It appears that Republican presidential candidate Michele Bachman has a issue with slavery. Not only has she been embroiled in several controversies over her interpretation of history and how the institution of slavery fits into the historical panorama, but she also has been rather liberal in her application of the term and its derivatives as comparisons. As analogies, similes, and metaphors, they work well enough (at times). But taken as a whole, it appears that Bachmann may go to the well too much and might want to branch out when making comparisons.
The latest comes from her statement made after she signed the "Marriage Vow" pledge, a 14-point document whereby she has vowed to not only honor her own marriage vows, but to work to constitutionally eliminate same-sex marriages and ban pornography. But it was in the preamble of the "Vow," a pledge put forth by the conservative Iowa group Family Leader, where it compares modern African Americans with slaves of pre-Civil War America.
"Slavery had a disastrous impact on African-American families," the pledge read (the Family Leader has since eliminated the offending portion), "yet sadly a child born into slavery in 1860 was more likely to be raised by his mother and father in a two-parent household* than was an African American baby born after the election of the USA's first African-American President."
Bachmann's camp quickly issued a statement: "In no uncertain terms, Congresswoman Bachmann believes that slavery was horrible and economic slavery is just as horrible."
Just as horrible? Where is the substantiation for such a comparison? In fact, where is the "economic slavery" to which she refers? She, of course, is referring to taxation, which she claims to abhor in any form.
Bachmann was on "Hannity" on Fox News Channel Tuesday evening as well, stating that the slavery part of the preamble wasn't in the copy she signed. Are Bachmann's views of recent history are as muddled as her interpretation of John Quincy Adams' role in the Revolutionary War, as a member of the Founding Fathers, and the Founding Fathers' "tireless" efforts to end slavery. Why would the Family Leader add one line to their "Marriage Vow -- A Declaration of Dependence Upon Marriage and Family" after Bachmann signed it? Easy answer: They wouldn't; Bachmann most likely simply overlooked it, perhaps so taken with the ideas of eliminating same-sex marriages with a Constitutional amendment and rejecting Sharia Law that her tax lawyer training simply dismissed the slavery lines as filler. And what's another falsehood to tack up with alongside all the others Politifact has gathered on the Congresswoman?
On "The Colbert Report" Tuesday night, comedian and faux conservative talk show host Stephen Colbert offered a montage of Bachmann's past and present use of slavery as a comparison to those things with which she happens to disagree.
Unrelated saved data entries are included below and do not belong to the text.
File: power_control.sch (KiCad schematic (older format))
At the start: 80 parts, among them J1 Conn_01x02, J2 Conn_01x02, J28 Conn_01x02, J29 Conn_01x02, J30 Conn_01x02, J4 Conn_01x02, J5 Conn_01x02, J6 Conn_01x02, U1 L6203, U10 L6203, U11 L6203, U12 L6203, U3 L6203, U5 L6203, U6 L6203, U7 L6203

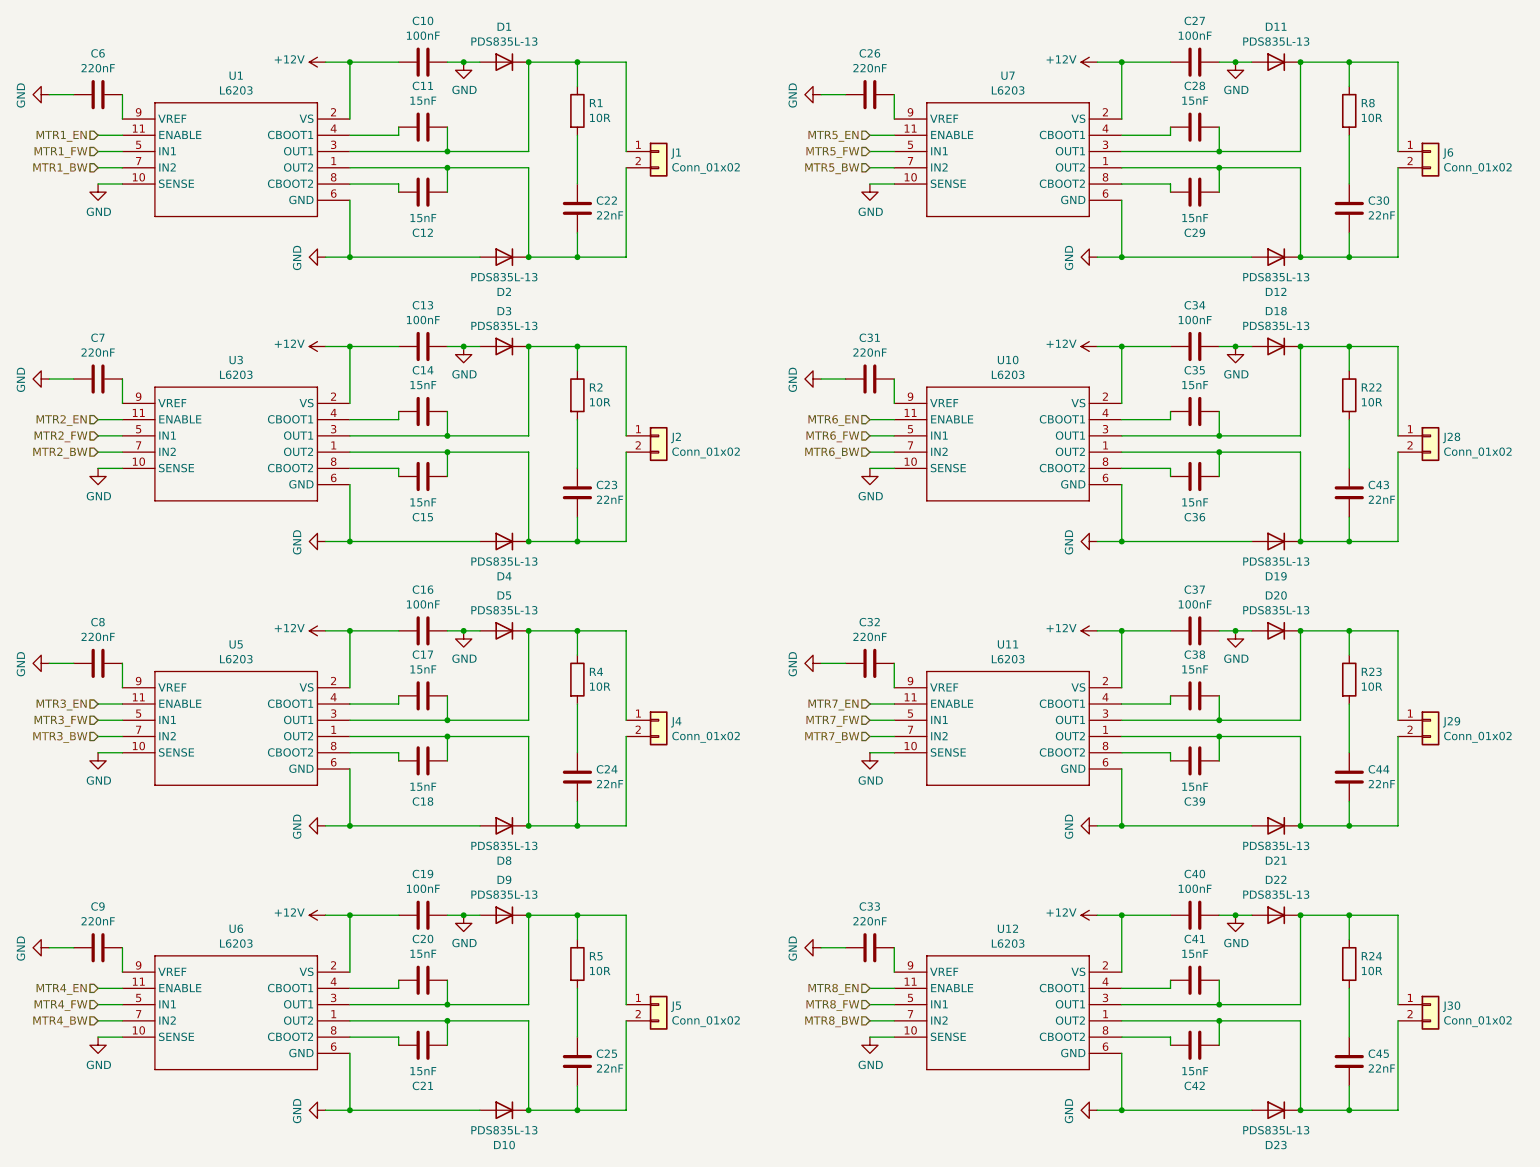
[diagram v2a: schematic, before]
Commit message: Positioning finished
Lacks fine alignment.
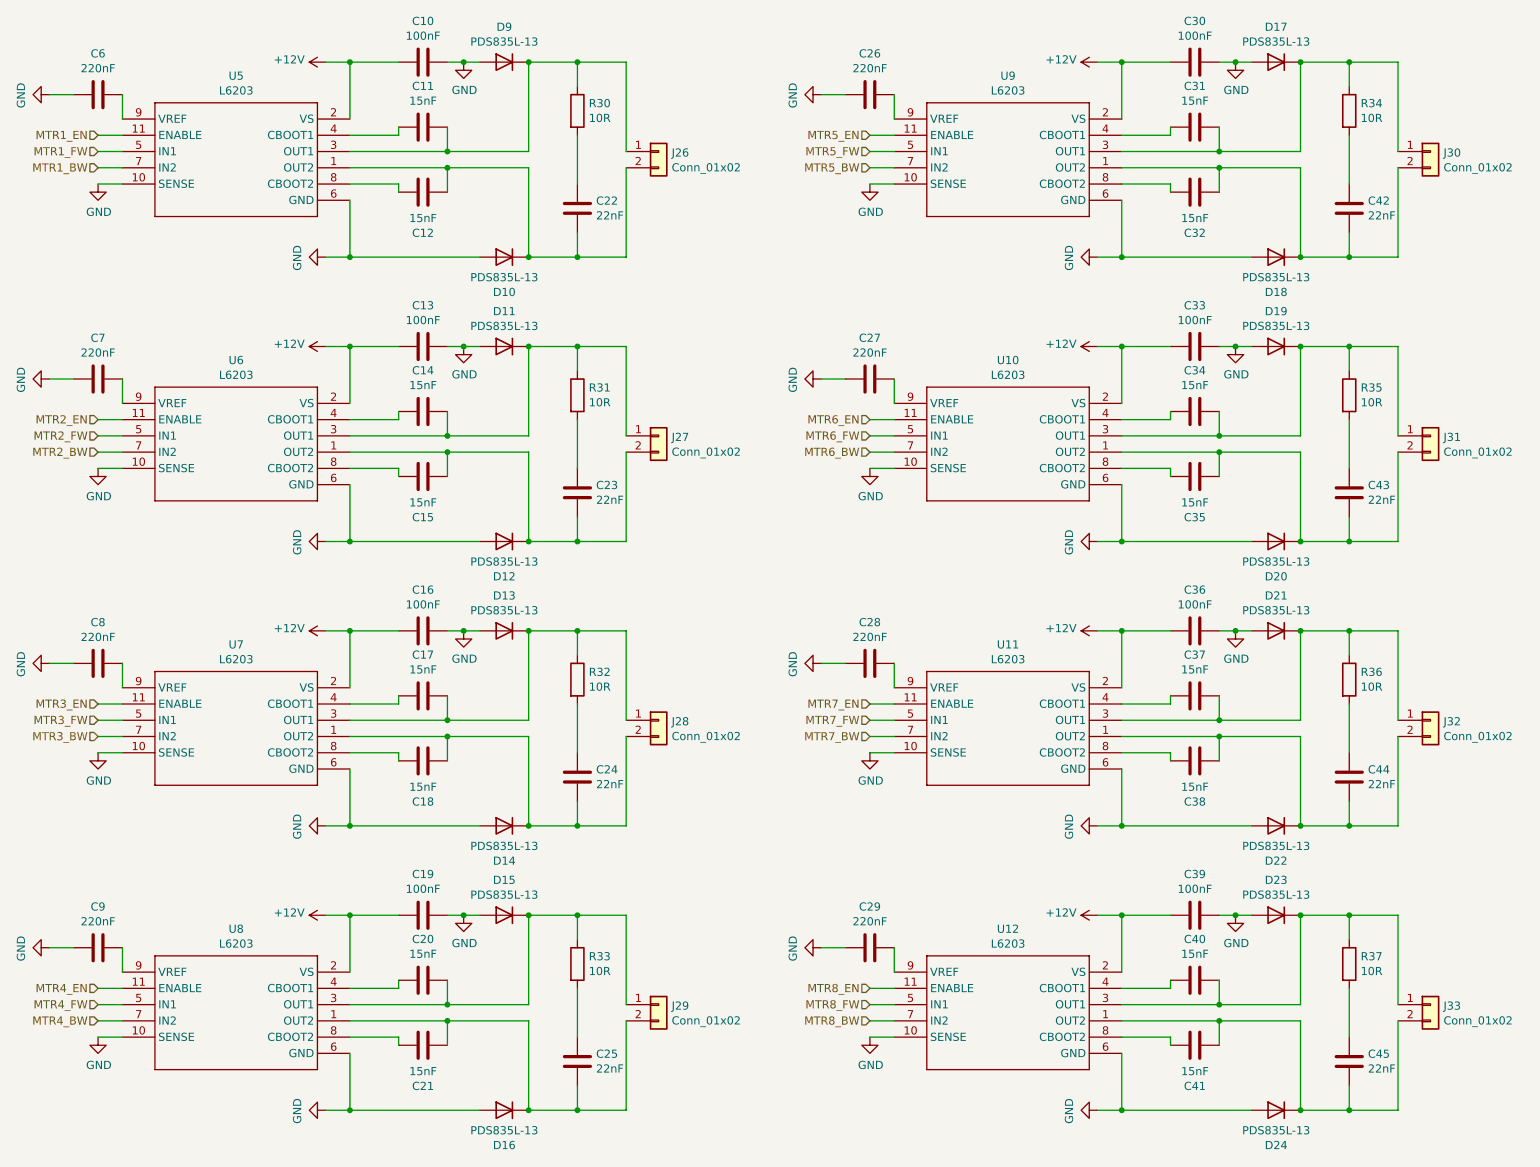
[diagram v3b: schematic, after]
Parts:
- renumbered C31 to C27, C32 to C28, C33 to C29, C27 to C30, C28 to C31, C29 to C32, C34 to C33, C35 to C34, C36 to C35, C37 to C36, C38 to C37, C39 to C38, C40 to C39, C41 to C40, C42 to C41, C30 to C42, D2 to D10, D3 to D11, D4 to D12, D5 to D13, D8 to D14, D9 to D15, D10 to D16, D11 to D17, D12 to D18, D18 to D19, D19 to D20, D20 to D21, D21 to D22, D22 to D23, D23 to D24, D1 to D9, J1 to J26, J2 to J27, J4 to J28, J5 to J29, J6 to J30, J28 to J31, J29 to J32, J30 to J33, R1 to R30, R2 to R31, R4 to R32, R5 to R33, R8 to R34, R22 to R35, R23 to R36, R24 to R37, U1 to U5, U3 to U6, U5 to U7, U6 to U8, U7 to U9

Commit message: Start MCU layout
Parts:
- renumbered C6 to C11, C7 to C12, C8 to C13, C9 to C14, C10 to C15, C11 to C16, C12 to C17, C13 to C18, C14 to C19, C15 to C20, C16 to C21, C17 to C22, C18 to C23, C19 to C24, C20 to C25, C21 to C26, C22 to C27, C23 to C28, C24 to C29, C25 to C30, C26 to C31, C27 to C32, C28 to C33, C29 to C34, C30 to C35, C31 to C36, C32 to C37, C33 to C38, C34 to C39, C35 to C40, C36 to C41, C37 to C42, C38 to C43, C39 to C44, C40 to C45, C41 to C46, C42 to C47, C43 to C48, C44 to C49, C45 to C50, J26 to J27, J27 to J28, J28 to J29, J29 to J30, J30 to J31, J31 to J32, J32 to J33, J33 to J34

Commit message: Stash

Colbert pointed out the many different types of slavery Bachmann had stood against over the years: Health care reforms, the national debt (payments to which she calls "bondage to debt"), and the "personal bondage, personal despair, and personal enslavement" of the gay lifestyle. He also pointed out that Bachmann's sensitivity to slavery derives from the fact that, to her, "everything is slavery."
Perhaps Colbert is correct. Perhaps Bachmann does see much of the world as slavery and non- or anti-slavery. Perhaps that is how she can so easily compare physical ownership slavery to economic slavery, human bondage to a taxation system with which she disapproves.
Still, perhaps it is time to put those issues to rest and find some new metaphors, similes, and analogies.